Jeff Jackett

Jeff Jackett

Jeff Jackett
Marketing manager, Gatorade, Pepsi-QTG Canada
Behind the can’t-miss recent series of Gatorade ads, Jeff Jackett has managed to marry his deep passion for sports (he’s been called a sports lunatic) with a keen marketing savvy. The result has been some pretty slick spots, which helped double sales expectations of the Gatorade X-Factor brand, as well as snag NHL phenom Sidney Crosby before he became a star. (Incidentally, the first spot, which ends with Crosby running down the street with a hockey stick in hand being chased by hundreds of street hockey players, just launched in April.)
Before Gatorade, which he joined in 2003, Jackett spent nine years at Unilever, working as brand manager on Sunlight. We had to ask, what, really, do marketers get out of awards ceremonies like the Cannes Lions? ‘I’m sure many folks think not much,’ he says, ‘but they certainly help marketers both recruit and retain talent. People want to work for [brands] that do good work.’

Pick #1
Campaign: Dose
Agency: Rethink
The concept: A multiplatform campaign all about attitude, irreverence and fun that used TV, wild postings and transit shelters to target 18-34.

Why do you like it?
Witty humour with shock value and stopping power. Love the casting.

Why is it effective?
Very fresh, cynical, and distinctly different. The reader should also expect this in the content.

What consumer insight has it tapped into?
Finally, a media source as disaffected, cynical and apathetic
as its target!

What makes it Cannes worthy?
Brave, distinctive, cuts through, and could appeal to the non-conformist fibres still left in the judges.

Pick #2
Client: Nike Hockey Training Outdoor
Agency: Taxi
The concept: A very big campaign featuring NHL players. One element of the campaign pushed OOH to rarely used 50 ft. and 150 ft. heights with images of the athletes hanging from a crane in Toronto and on a floating billboard in Vancouver Harbour.

Why do you like it?
It’s totally unique, imaginative and larger-than-life. When I first saw Jarome Iginla hanging upside-down from the ceiling in Square One mall in Mississauga, my first reaction was: ‘That’s cool.’ And the more executions I saw the more I said that. I also like it because they didn’t scream out who the athletes were. Nike was confident enough to know their youth target would know.

Why is it effective?
The bigness of it, the unconventional shapes, the unconventional placement (the barge execution in Vancouver was brilliant), the call to action and the way to find out more through the website. It’s just really well done.

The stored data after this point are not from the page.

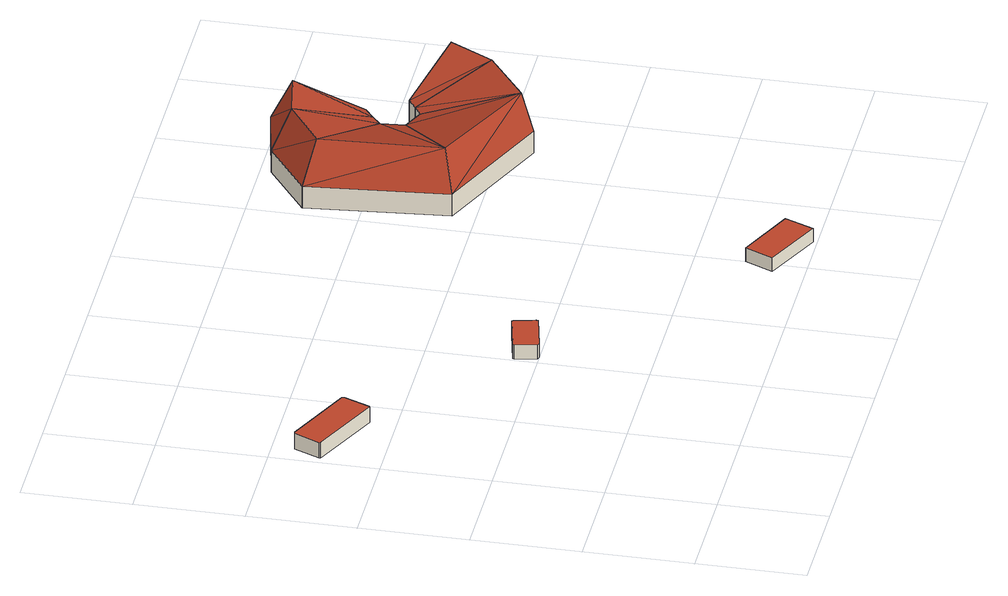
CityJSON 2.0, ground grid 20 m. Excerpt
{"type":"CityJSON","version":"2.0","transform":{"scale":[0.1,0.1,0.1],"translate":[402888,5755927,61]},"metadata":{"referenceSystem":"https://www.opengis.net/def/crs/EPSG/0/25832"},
"CityObjects":{
"building1":{"type":"Building","attributes":{"Gemeindeschluessel":"05515000","Geometrietyp2DReferenz":"3000","function":"31001_3200","roofType":"1000","measuredHeight":3.08},"geometry":[{"type":"Solid","lod":"2","boundaries":[[[[0,1,2,3]],[[4,5,1,0]],[[6,7,5,4]],[[8,9,7,6]],[[10,11,9,8]],[[12,13,11,10]],[[14,15,13,12]],[[3,2,15,14]],[[12,10,8,6,4,0,3,14]],[[1,5,7,9,11,13,15,2]]]],"semantics":{"surfaces":[{"type":"WallSurface"},{"type":"RoofSurface"},{"type":"GroundSurface"}],"values":[[0,0,0,0,0,0,0,0,1,2]]}}]},
"building2":{"type":"Building","attributes":{"Gemeindeschluessel":"05515000","Geometrietyp2DReferenz":"3000","function":"31001_3200","roofType":"1000","measuredHeight":2.75},"geometry":[{"type":"Solid","lod":"2","boundaries":[[[[16,17,18,19]],[[20,21,17,16]],[[22,23,21,20]],[[24,25,23,22]],[[26,27,25,24]],[[28,29,27,26]],[[30,31,29,28]],[[19,18,31,30]],[[28,26,24,22,20,16,19,30]],[[17,21,23,25,27,29,31,18]]]],"semantics":{"surfaces":[{"type":"WallSurface"},{"type":"RoofSurface"},{"type":"GroundSurface"}],"values":[[0,0,0,0,0,0,0,0,1,2]]}}]},
"building3":{"type":"Building","attributes":{"Gemeindeschluessel":"05515000","Geometrietyp2DReferenz":"3000","function":"31001_3200","roofType":"1000","measuredHeight":2.75},"geometry":[{"type":"Solid","lod":"2","boundaries":[[[[32,33,34,35]],[[36,37,33,32]],[[38,39,37,36]],[[35,34,39,38]],[[36,32,35,38]],[[33,37,39,34]]]],"semantics":{"surfaces":[{"type":"WallSurface"},{"type":"RoofSurface"},{"type":"GroundSurface"}],"values":[[0,0,0,0,1,2]]}}]},
"building4":{"type":"Building","attributes":{"Gemeindeschluessel":"05515000","Geometrietyp2DReferenz":"3000","function":"31001_3200"},"children":["building4-1","building4-2","building4-3","building4-4","building4-5","building4-6"]},
"building4-1":{"type":"BuildingPart","attributes":{"roofType":"3100","measuredHeight":12.11},"parents":["building4"],"geometry":[{"type":"Solid","lod":"2","boundaries":[[[[40,41,42,43]],[[44,45,46,47]],[[48,40,43]],[[43,49,48]],[[48,49,44]],[[44,47,48]],[[41,46,45,42]],[[47,46,41,40]],[[43,42,45,44]],[[40,48,47]],[[44,49,43]]]],"semantics":{"surfaces":[{"type":"WallSurface"},{"type":"RoofSurface"},{"type":"GroundSurface"},{"type":"ClosureSurface"}],"values":[[0,0,1,1,1,1,2,3,3,3,3]]}}]},
"building4-2":{"type":"BuildingPart","attributes":{"roofType":"3100","measuredHeight":12.11},"parents":["building4"],"geometry":[{"type":"Solid","lod":"2","boundaries":[[[[50,51,41,40]],[[47,46,52,53]],[[54,50,40]],[[40,48,54]],[[54,48,47]],[[47,53,54]],[[51,52,46,41]],[[53,52,51,50]],[[40,41,46,47]],[[50,54,53]],[[47,48,40]]]],"semantics":{"surfaces":[{"type":"WallSurface"},{"type":"RoofSurface"},{"type":"GroundSurface"},{"type":"ClosureSurface"}],"values":[[0,0,1,1,1,1,2,3,3,3,3]]}}]},
"building4-3":{"type":"BuildingPart","attributes":{"roofType":"3100","measuredHeight":12.11},"parents":["building4"],"geometry":[{"type":"Solid","lod":"2","boundaries":[[[[55,56,45,44]],[[43,42,57,58]],[[49,59,55]],[[55,44,49]],[[43,58,59]],[[59,49,43]],[[56,57,42,45]],[[58,57,56,55]],[[44,45,42,43]],[[55,59,58]],[[43,49,44]]]],"semantics":{"surfaces":[{"type":"WallSurface"},{"type":"RoofSurface"},{"type":"GroundSurface"},{"type":"ClosureSurface"}],"values":[[0,0,1,1,1,1,2,3,3,3,3]]}}]},
"building4-4":{"type":"BuildingPart","attributes":{"roofType":"3100","measuredHeight":12.11},"parents":["building4"],"geometry":[{"type":"Solid","lod":"2","boundaries":[[[[60,61,62,63]],[[64,65,66,67]],[[63,62,65,64]],[[64,68,63]],[[63,68,69]],[[69,60,63]],[[69,68,64]],[[64,67,69]],[[61,66,65,62]],[[67,66,61,60]],[[60,69,67]]]],"semantics":{"surfaces":[{"type":"WallSurface"},{"type":"RoofSurface"},{"type":"GroundSurface"},{"type":"ClosureSurface"}],"values":[[0,0,0,0,1,1,1,1,2,3,3]]}}]},
"building4-5":{"type":"BuildingPart","attributes":{"roofType":"3100","measuredHeight":12.11},"parents":["building4"],"geometry":[{"type":"Solid","lod":"2","boundaries":[[[[70,71,56,55]],[[72,73,71,70]],[[58,57,73,72]],[[70,74,72]],[[59,74,70]],[[70,55,59]],[[58,72,74]],[[74,59,58]],[[71,73,57,56]],[[55,56,57,58]],[[58,59,55]]]],"semantics":{"surfaces":[{"type":"WallSurface"},{"type":"RoofSurface"},{"type":"GroundSurface"},{"type":"ClosureSurface"}],"values":[[0,0,0,0,1,1,1,1,2,3,3]]}}]},
"building4-6":{"type":"BuildingPart","attributes":{"roofType":"3100","measuredHeight":12.11},"parents":["building4"],"geometry":[{"type":"Solid","lod":"2","boundaries":[[[[67,66,51,50]],[[53,52,61,60]],[[54,69,67]],[[67,50,54]],[[69,54,53]],[[53,60,69]],[[66,61,52,51]],[[60,61,66,67]],[[50,51,52,53]],[[67,69,60]],[[53,54,50]]]],"semantics":{"surfaces":[{"type":"WallSurface"},{"type":"RoofSurface"},{"type":"GroundSurface"},{"type":"ClosureSurface"}],"values":[[0,0,1,1,1,1,2,3,3,3,3]]}}]}
},
"vertices":[
[4,706,42],[4,706,11],[136,646,11],[136,646,42],[2,709,42],[2,709,11],[24,757,42],[24,757,11],[29,758,42],[29,758,11],[158,700,42],[158,700,11],[159,695,42],[159,695,11],[139,648,42],[139,648,11],
[405,401,36],[405,401,8],[410,399,8],[410,399,36],[397,441,36],[397,441,8],[398,444,36],[398,444,8],[474,461,36],[474,461,8],[477,459,36],[477,459,8],[486,420,36],[486,420,8],[485,416,36],[485,416,8],
[769,57,36],[769,57,8],[879,6,8],[879,6,36],[793,109,36],[793,109,8],[902,60,36],[902,60,8],
[1023,760,69],[1023,760,2],[1019,805,2],[1019,805,69],[825,904,46],[825,904,2],[850,642,2],[850,642,46],[876,660,123],[862,886,123],
[1064,742,69],[1064,742,2],[1083,544,2],[1083,544,46],[1081,566,123],
[931,980,46],[931,980,2],[1038,821,2],[1038,821,69],[953,948,123],
[1196,617,46],[1196,617,2],[1248,708,2],[1248,708,46],[1105,770,69],[1105,770,2],[1084,755,2],[1084,755,69],[1223,719,123],[1179,638,123],
[1040,1003,46],[1040,1003,2],[1060,838,69],[1060,838,2],[1044,965,123]
]}

What consumer insight has it tapped into?
The specific product featured by the ad is not that unique – there are lots of other training performance apparel lines out there. But by positioning the product in a unique and dynamic way not only will it get noticed, but it can also elevate people’s performance perceptions of the product.

What makes it Cannes worthy?
Fresh, original, likeable, memorable. And Cannes and other awards festivals need to do a better job of recognizing non-film ads, especially in light of changing media habits of consumers.